▸ Records for the task:
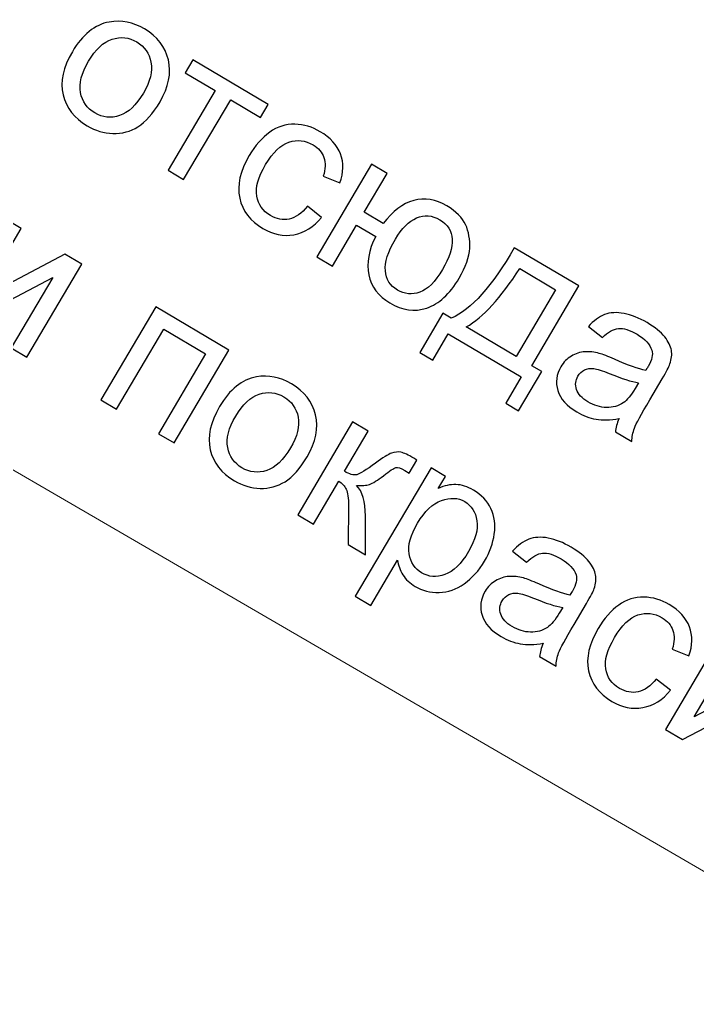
# Model space of a CAD drawing. Header units: millimetres. Extents: x 599 to 6075, y -2288 to 200.
# Drawn here: x 2766.8 to 2838, y -1318.8 to -1214.5 of the extents above; entities that cross this region are included whole.
import ezdxf

# ---------------------------------------------------------------- set-up
doc = ezdxf.new("R2010")
doc.units = ezdxf.units.MM
doc.header["$MEASUREMENT"] = 0
doc.layers.add('layer 1', color=7, linetype='Continuous')

msp = doc.modelspace()

# ---------------------------------------------------------------- linework, layer by layer
at = {"layer": 'layer 1', "color": 250}
for points, knots in [([(2772.3243, -1217.8468), (2773.3926, -1216.0431), (2774.6827, -1215.0012), (2776.202, -1214.7248), (2776.202, -1214.7248), (2777.4662, -1214.4983), (2778.6989, -1214.741), (2779.9075, -1215.4532), (2779.9075, -1215.4532), (2781.2466, -1216.2462), (2782.0821, -1217.3314), (2782.4137, -1218.7127), (2782.4137, -1218.7127), (2782.7453, -1220.0938), (2782.454, -1221.5594), (2781.5363, -1223.1053), (2781.5363, -1223.1053), (2780.7947, -1224.3611), (2780.026, -1225.2345), (2779.2226, -1225.7328), (2779.2226, -1225.7328), (2778.423, -1226.2275), (2777.5446, -1226.4633), (2776.5911, -1226.4367), (2776.5911, -1226.4367), (2775.6375, -1226.4065), (2774.7361, -1226.1435), (2773.8869, -1225.6406), (2773.8869, -1225.6406), (2772.5223, -1224.8329), (2771.676, -1223.744), (2771.3516, -1222.3738), (2771.3516, -1222.3738), (2771.0272, -1220.9998), (2771.3551, -1219.4908), (2772.3243, -1217.8468)], [0, 0, 0, 0, 0.1, 0.1, 0.1, 0.1, 0.2, 0.2, 0.2, 0.2, 0.3, 0.3, 0.3, 0.3, 0.4, 0.4, 0.4, 0.4, 0.5, 0.5, 0.5, 0.5, 0.6, 0.6, 0.6, 0.6, 0.7, 0.7, 0.7, 0.7, 0.8, 0.8, 0.8, 0.8, 1, 1, 1, 1]), ([(2774.0228, -1218.849), (2773.2849, -1220.0975), (2773.0065, -1221.1917), (2773.1837, -1222.1354), (2773.1837, -1222.1354), (2773.361, -1223.079), (2773.8633, -1223.795), (2774.6872, -1224.2832), (2774.6872, -1224.2832), (2775.5074, -1224.7678), (2776.3733, -1224.8595), (2777.2884, -1224.5546), (2777.2884, -1224.5546), (2778.1999, -1224.2535), (2779.0338, -1223.4641), (2779.79, -1222.1866), (2779.79, -1222.1866), (2780.5022, -1220.9781), (2780.7697, -1219.9056), (2780.5888, -1218.962), (2780.5888, -1218.962), (2780.4079, -1218.0146), (2779.9128, -1217.3024), (2779.0962, -1216.8215), (2779.0962, -1216.8215), (2778.2723, -1216.3332), (2777.4028, -1216.2379), (2776.495, -1216.5355), (2776.495, -1216.5355), (2775.5836, -1216.8294), (2774.7606, -1217.6005), (2774.0228, -1218.849)], [0, 0, 0, 0, 0.11111111, 0.11111111, 0.11111111, 0.11111111, 0.22222222, 0.22222222, 0.22222222, 0.22222222, 0.33333333, 0.33333333, 0.33333333, 0.33333333, 0.44444444, 0.44444444, 0.44444444, 0.44444444, 0.55555556, 0.55555556, 0.55555556, 0.55555556, 0.66666667, 0.66666667, 0.66666667, 0.66666667, 0.77777778, 0.77777778, 0.77777778, 0.77777778, 1, 1, 1, 1]), ([(2785.0039, -1218.6947), (2785.0039, -1218.6947), (2792.923, -1223.3753), (2792.923, -1223.3753), (2792.923, -1223.3753), (2792.923, -1223.3753), (2792.1153, -1224.7435), (2792.1153, -1224.7435), (2792.1153, -1224.7435), (2792.1153, -1224.7435), (2788.9761, -1222.8896), (2788.9761, -1222.8896), (2788.9761, -1222.8896), (2788.9761, -1222.8896), (2784.0238, -1231.266), (2784.0238, -1231.266), (2784.0238, -1231.266), (2784.0238, -1231.266), (2782.3834, -1230.2931), (2782.3834, -1230.2931), (2782.3834, -1230.2931), (2782.3834, -1230.2931), (2787.3357, -1221.9168), (2787.3357, -1221.9168), (2787.3357, -1221.9168), (2787.3357, -1221.9168), (2784.1964, -1220.0629), (2784.1964, -1220.0629), (2784.1964, -1220.0629), (2784.1964, -1220.0629), (2785.0039, -1218.6947), (2785.0039, -1218.6947)], [0, 0, 0, 0, 0.11111111, 0.11111111, 0.11111111, 0.11111111, 0.22222222, 0.22222222, 0.22222222, 0.22222222, 0.33333333, 0.33333333, 0.33333333, 0.33333333, 0.44444444, 0.44444444, 0.44444444, 0.44444444, 0.55555556, 0.55555556, 0.55555556, 0.55555556, 0.66666667, 0.66666667, 0.66666667, 0.66666667, 0.77777778, 0.77777778, 0.77777778, 0.77777778, 1, 1, 1, 1]), ([(2797.0293, -1234.0774), (2797.0293, -1234.0774), (2798.5304, -1235.2497), (2798.5304, -1235.2497), (2798.5304, -1235.2497), (2797.6917, -1236.2611), (2796.7169, -1236.8714), (2795.6129, -1237.0696), (2795.6129, -1237.0696), (2794.509, -1237.2716), (2793.4217, -1237.0587), (2792.3584, -1236.4273), (2792.3584, -1236.4273), (2791.0264, -1235.6417), (2790.2091, -1234.5711), (2789.9138, -1233.2191), (2789.9138, -1233.2191), (2789.6184, -1231.8709), (2789.9535, -1230.3802), (2790.9153, -1228.7542), (2790.9153, -1228.7542), (2791.5357, -1227.7018), (2792.2569, -1226.8827), (2793.0715, -1226.3008), (2793.0715, -1226.3008), (2793.8862, -1225.7188), (2794.7648, -1225.4393), (2795.711, -1225.4658), (2795.711, -1225.4658), (2796.6573, -1225.4924), (2797.5514, -1225.7553), (2798.3862, -1226.2472), (2798.3862, -1226.2472), (2799.4459, -1226.875), (2800.1554, -1227.6539), (2800.5111, -1228.5875), (2800.5111, -1228.5875), (2800.8668, -1229.5211), (2800.8472, -1230.5366), (2800.4559, -1231.6302), (2800.4559, -1231.6302), (2800.4559, -1231.6302), (2798.7049, -1230.9299), (2798.7049, -1230.9299), (2798.7049, -1230.9299), (2798.9379, -1230.1848), (2798.9594, -1229.5334), (2798.7656, -1228.9719), (2798.7656, -1228.9719), (2798.5719, -1228.414), (2798.1992, -1227.9717), (2797.6512, -1227.645), (2797.6512, -1227.645), (2796.8165, -1227.1531), (2795.9652, -1227.0505), (2795.0938, -1227.341), (2795.0938, -1227.341), (2794.2187, -1227.6315), (2793.4031, -1228.4209), (2792.6395, -1229.7092), (2792.6395, -1229.7092), (2791.865, -1231.0194), (2791.5536, -1232.1207), (2791.7057, -1233.0096), (2791.7057, -1233.0096), (2791.8578, -1233.8986), (2792.3348, -1234.5817), (2793.1442, -1235.0589), (2793.1442, -1235.0589), (2793.7902, -1235.4444), (2794.4484, -1235.5641), (2795.1188, -1235.4255), (2795.1188, -1235.4255), (2795.7893, -1235.2833), (2796.4249, -1234.8351), (2797.0293, -1234.0774)], [0, 0, 0, 0, 0.05, 0.05, 0.05, 0.05, 0.1, 0.1, 0.1, 0.1, 0.15, 0.15, 0.15, 0.15, 0.2, 0.2, 0.2, 0.2, 0.25, 0.25, 0.25, 0.25, 0.3, 0.3, 0.3, 0.3, 0.35, 0.35, 0.35, 0.35, 0.4, 0.4, 0.4, 0.4, 0.45, 0.45, 0.45, 0.45, 0.5, 0.5, 0.5, 0.5, 0.55, 0.55, 0.55, 0.55, 0.6, 0.6, 0.6, 0.6, 0.65, 0.65, 0.65, 0.65, 0.7, 0.7, 0.7, 0.7, 0.75, 0.75, 0.75, 0.75, 0.8, 0.8, 0.8, 0.8, 0.85, 0.85, 0.85, 0.85, 0.9, 0.9, 0.9, 0.9, 1, 1, 1, 1]), ([(2803.7712, -1229.6594), (2803.7712, -1229.6594), (2805.4225, -1230.6359), (2805.4225, -1230.6359), (2805.4225, -1230.6359), (2805.4225, -1230.6359), (2803.0143, -1234.7116), (2803.0143, -1234.7116), (2803.0143, -1234.7116), (2803.0143, -1234.7116), (2805.014, -1235.8937), (2805.014, -1235.8937), (2805.014, -1235.8937), (2805.9851, -1234.5845), (2807.0484, -1233.7781), (2808.2074, -1233.4745), (2808.2074, -1233.4745), (2809.3665, -1233.1673), (2810.5231, -1233.355), (2811.6809, -1234.0415), (2811.6809, -1234.0415), (2812.6643, -1234.6216), (2813.3235, -1235.2801), (2813.6584, -1236.0134), (2813.6584, -1236.0134), (2813.9932, -1236.7467), (2814.1383, -1237.5737), (2814.0973, -1238.4907), (2814.0973, -1238.4907), (2814.0527, -1239.4042), (2813.6834, -1240.4543), (2812.986, -1241.6338), (2812.986, -1241.6338), (2811.9911, -1243.3178), (2810.8575, -1244.3677), (2809.5777, -1244.7836), (2809.5777, -1244.7836), (2808.298, -1245.1994), (2807.0067, -1245.0219), (2805.6966, -1244.2472), (2805.6966, -1244.2472), (2804.4808, -1243.5278), (2803.7431, -1242.5449), (2803.4872, -1241.306), (2803.4872, -1241.306), (2803.2277, -1240.0635), (2803.471, -1238.7142), (2804.21, -1237.251), (2804.21, -1237.251), (2804.21, -1237.251), (2802.2103, -1236.0689), (2802.2103, -1236.0689), (2802.2103, -1236.0689), (2802.2103, -1236.0689), (2799.6589, -1240.3805), (2799.6589, -1240.3805), (2799.6589, -1240.3805), (2799.6589, -1240.3805), (2798.0076, -1239.404), (2798.0076, -1239.404), (2798.0076, -1239.404), (2798.0076, -1239.404), (2803.7712, -1229.6594), (2803.7712, -1229.6594)], [0, 0, 0, 0, 0.05882353, 0.05882353, 0.05882353, 0.05882353, 0.11764706, 0.11764706, 0.11764706, 0.11764706, 0.17647059, 0.17647059, 0.17647059, 0.17647059, 0.23529412, 0.23529412, 0.23529412, 0.23529412, 0.29411765, 0.29411765, 0.29411765, 0.29411765, 0.35294118, 0.35294118, 0.35294118, 0.35294118, 0.41176471, 0.41176471, 0.41176471, 0.41176471, 0.47058824, 0.47058824, 0.47058824, 0.47058824, 0.52941176, 0.52941176, 0.52941176, 0.52941176, 0.58823529, 0.58823529, 0.58823529, 0.58823529, 0.64705882, 0.64705882, 0.64705882, 0.64705882, 0.70588235, 0.70588235, 0.70588235, 0.70588235, 0.76470588, 0.76470588, 0.76470588, 0.76470588, 0.82352941, 0.82352941, 0.82352941, 0.82352941, 0.88235294, 0.88235294, 0.88235294, 0.88235294, 1, 1, 1, 1]), ([(2765.2998, -1235.4474), (2765.2998, -1235.4474), (2766.9548, -1236.4239), (2766.9548, -1236.4239), (2766.9548, -1236.4239), (2766.9548, -1236.4239), (2762.5605, -1243.8566), (2762.5605, -1243.8566), (2762.5605, -1243.8566), (2762.5605, -1243.8566), (2771.5313, -1239.1331), (2771.5313, -1239.1331), (2771.5313, -1239.1331), (2771.5313, -1239.1331), (2773.3132, -1240.183), (2773.3132, -1240.183), (2773.3132, -1240.183), (2773.3132, -1240.183), (2767.5533, -1249.9275), (2767.5533, -1249.9275), (2767.5533, -1249.9275), (2767.5533, -1249.9275), (2765.8984, -1248.9511), (2765.8984, -1248.9511), (2765.8984, -1248.9511), (2765.8984, -1248.9511), (2770.2669, -1241.5656), (2770.2669, -1241.5656), (2770.2669, -1241.5656), (2770.2669, -1241.5656), (2761.3219, -1246.2455), (2761.3219, -1246.2455), (2761.3219, -1246.2455), (2761.3219, -1246.2455), (2759.5399, -1245.1955), (2759.5399, -1245.1955), (2759.5399, -1245.1955), (2759.5399, -1245.1955), (2765.2998, -1235.4474), (2765.2998, -1235.4474)], [0, 0, 0, 0, 0.09090909, 0.09090909, 0.09090909, 0.09090909, 0.18181818, 0.18181818, 0.18181818, 0.18181818, 0.27272727, 0.27272727, 0.27272727, 0.27272727, 0.36363636, 0.36363636, 0.36363636, 0.36363636, 0.45454545, 0.45454545, 0.45454545, 0.45454545, 0.54545455, 0.54545455, 0.54545455, 0.54545455, 0.63636364, 0.63636364, 0.63636364, 0.63636364, 0.72727273, 0.72727273, 0.72727273, 0.72727273, 0.81818182, 0.81818182, 0.81818182, 0.81818182, 1, 1, 1, 1]), ([(2810.9419, -1235.4975), (2810.1362, -1235.0203), (2809.3248, -1234.958), (2808.5076, -1235.3142), (2808.5076, -1235.3142), (2807.6905, -1235.6705), (2806.9516, -1236.4057), (2806.2908, -1237.5272), (2806.2908, -1237.5272), (2805.4978, -1238.8663), (2805.1427, -1239.982), (2805.2257, -1240.8743), (2805.2257, -1240.8743), (2805.3122, -1241.7665), (2805.7311, -1242.4347), (2806.4896, -1242.8826), (2806.4896, -1242.8826), (2807.2408, -1243.3268), (2808.0304, -1243.4036), (2808.8508, -1243.1092), (2808.8508, -1243.1092), (2809.675, -1242.8148), (2810.4651, -1242.0252), (2811.2251, -1240.7405), (2811.2251, -1240.7405), (2811.9665, -1239.4884), (2812.314, -1238.4236), (2812.2675, -1237.5498), (2812.2675, -1237.5498), (2812.2209, -1236.6759), (2811.7802, -1235.9931), (2810.9419, -1235.4975)], [0, 0, 0, 0, 0.11111111, 0.11111111, 0.11111111, 0.11111111, 0.22222222, 0.22222222, 0.22222222, 0.22222222, 0.33333333, 0.33333333, 0.33333333, 0.33333333, 0.44444444, 0.44444444, 0.44444444, 0.44444444, 0.55555556, 0.55555556, 0.55555556, 0.55555556, 0.66666667, 0.66666667, 0.66666667, 0.66666667, 0.77777778, 0.77777778, 0.77777778, 0.77777778, 1, 1, 1, 1]), ([(2818.7815, -1238.4378), (2818.7815, -1238.4378), (2825.5719, -1242.4502), (2825.5719, -1242.4502), (2825.5719, -1242.4502), (2825.5719, -1242.4502), (2820.6159, -1250.8375), (2820.6159, -1250.8375), (2820.6159, -1250.8375), (2820.6159, -1250.8375), (2821.672, -1251.4615), (2821.672, -1251.4615), (2821.672, -1251.4615), (2821.672, -1251.4615), (2819.2344, -1255.5844), (2819.2344, -1255.5844), (2819.2344, -1255.5844), (2819.2344, -1255.5844), (2817.8771, -1254.7805), (2817.8771, -1254.7805), (2817.8771, -1254.7805), (2817.8771, -1254.7805), (2819.5107, -1252.0186), (2819.5107, -1252.0186), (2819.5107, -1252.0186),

▸ Required action: Number of lines above that include "color": state it and nothing else.

▸ Result of the task: 2